Le prix Nobel de la paix 2018, Denis Mukwege, est menacé de mort. Des milices armées évoluant au Sud-Kivu, région à l’est de la République démocratique du Congo (RDC), veulent faire taire le gynécologue qui dénonce leurs exactions et réclame qu’elles soient jugées par un tribunal pénal international. Depuis vingt-cinq ans, la région est en proie à des conflits autour de revendications territoriales et des minerais (or et coltan, utilisé dans la fabrication des smartphones) qui s’y trouvent en masse.
Dénonciation des milices
« Denis Mukwege est, pour ces milices, l’empêcheur de tourner en rond, parce qu’il dénonce haut et fort, comme lors de son discours au Nobel, ces guerres de milices qui sèment la mort, et leur impunité », pointe Muriel Salmona.
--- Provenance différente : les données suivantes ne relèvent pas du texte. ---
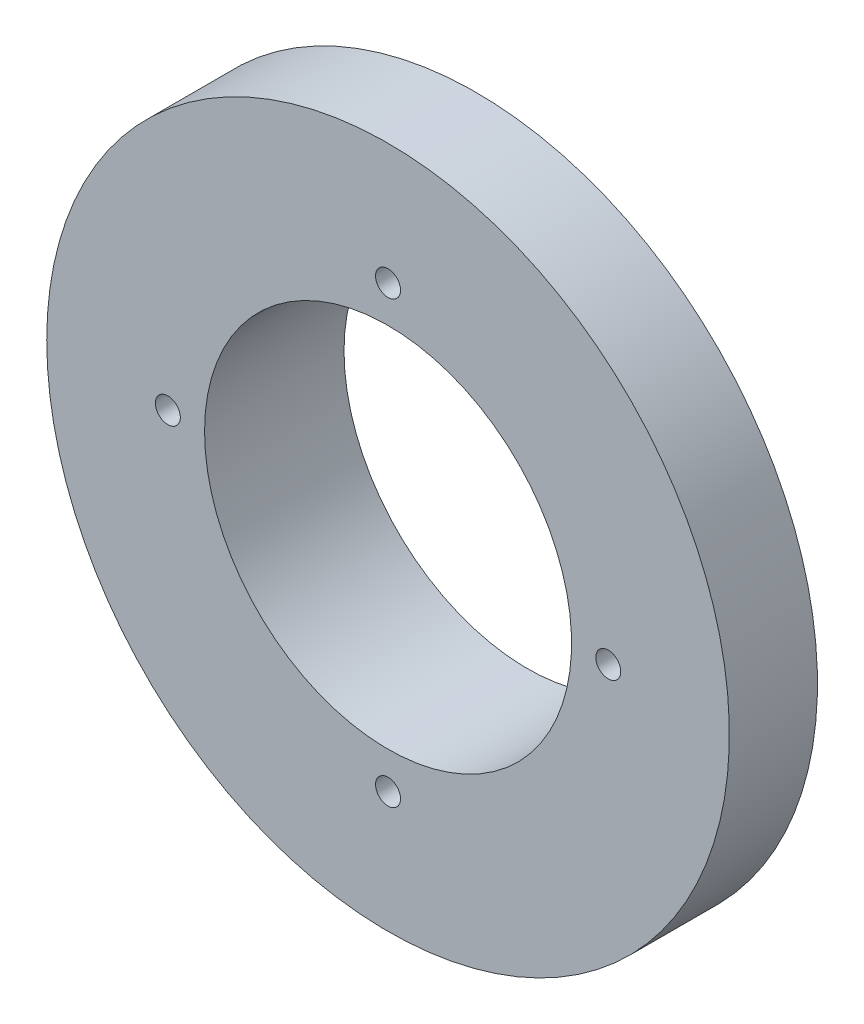
from build123d import *

# Parameters (mm, degrees)
SKETCH1_R          = 1.7
CUT_EXTRUDE1_DEPTH = 69.450712195
CIRPATTERN1_COUNT  = 4


with BuildPart() as part:
    # Croquis2 → Revolución1 (revolve)
    with BuildSketch(Plane(origin=(0, 0, 0), x_dir=(1, 0, 0), z_dir=(0, 1, 0)), mode=Mode.PRIVATE) as revoluci_n1_sk:
        Polygon((25, -19), (25, 0), (35, 0), (35, -7), (46.5, -7), (46.5, -19), align=None)
    revolve(revoluci_n1_sk.sketch.rotate(Axis((0, 0, -25.844178122), (0, 0, 1)), 180), axis=Axis((0, 0, -25.844178122), (0, 0, 1)))

    # Sketch1 → Cut-Extrude1 (cut, symmetric)
    with BuildSketch(Plane.XY.offset(19)):
        with Locations((0, 30)):
            Circle(SKETCH1_R)
    cut_extrude1 = extrude(amount=CUT_EXTRUDE1_DEPTH, both=True, mode=Mode.SUBTRACT)

    # CirPattern1: Cut-Extrude1 ×4 about axis
    cirpattern1_axis = Axis((0, 0, 0), (0, 0, 1))
    for i in range(1, CIRPATTERN1_COUNT):
        add(cut_extrude1.rotate(cirpattern1_axis, i * 360 / CIRPATTERN1_COUNT), mode=Mode.SUBTRACT)


solid = part.part

Amie et collègue de ce gynécologue qui répare les femmes violées et génitalement mutilées par les milices (ils travaillent ensemble à faire reconnaître les psychotraumas comme preuve médico-légale dans le cadre d’un viol), la psychiatre a plaidé dès cet été auprès de l’ONU pour demander à ce que Mukwege bénéficie à nouveau d’une protection internationale.
Réclamer le retour de la brigade Monusco
Car le constat est sans appel : il a suffi que la brigade de l’ONU, qui le protégeait depuis 2012, déserte en mars 2020, « pour d’obscures raisons liées au Covid », détaille Muriel Salmona, pour que le docteur soit à nouveau sous le feu des menaces de représailles. « Depuis 2012, l’hôpital de Panzi, le docteur et sa famille, bénéficiaient d’une protection de la brigade Monusco [Mission de l’ONU en République démocratique du Congo, ndlr], rappelle Muriel Salmona. Elle avait été déployée après la tentative d’assassinat que Denis avait subie de la part de quatre hommes qui avaient séquestré chez eux deux de ses filles. Cela s’est soldé par la mort du gardien de la maison, un proche de la famille qui a prévenu le docteur Mukwege, alors qu’il arrivait en voiture chez lui, et s’est fait mitrailler à sa place. » Le traumatisme avait été si conséquent pour le docteur que sa femme et lui étaient partis se réfugier en Belgique, avant de revenir à Panzi « à la demande des survivantes secourues par Denis, qui l’avaient prié de continuer son travail sur place », précise Muriel Salmona.
Les courriers envoyés pour plaider sa cause n’ont rien donné. Pour l’heure, la présidence de la République démocratique du Congo et l’ONU bottent en touche sur le retour de la Monusco à Panzi. « Ils ne nous proposent que l’envoi d’une force de police dont Denis ne veut surtout pas, souffle la psychiatre. C’est précisément dans cette police que se sont recyclés beaucoup d’anciens des milices et ce serait une catastrophe que les patientes soient confrontées à leurs bourreaux. » Le temps diplomatique de l’ONU n’est pas celui du docteur Mukwege, retranché dans son hôpital, et c’est ce qui a poussé son amie à user de l’arme pétitionnaire pour faire bouger les lignes. Face à l’instance internationale qui donne l’impression d’abandonner le prix Nobel de la paix, plus de 35 000 personnes ont déjà signé la protestation en ligne.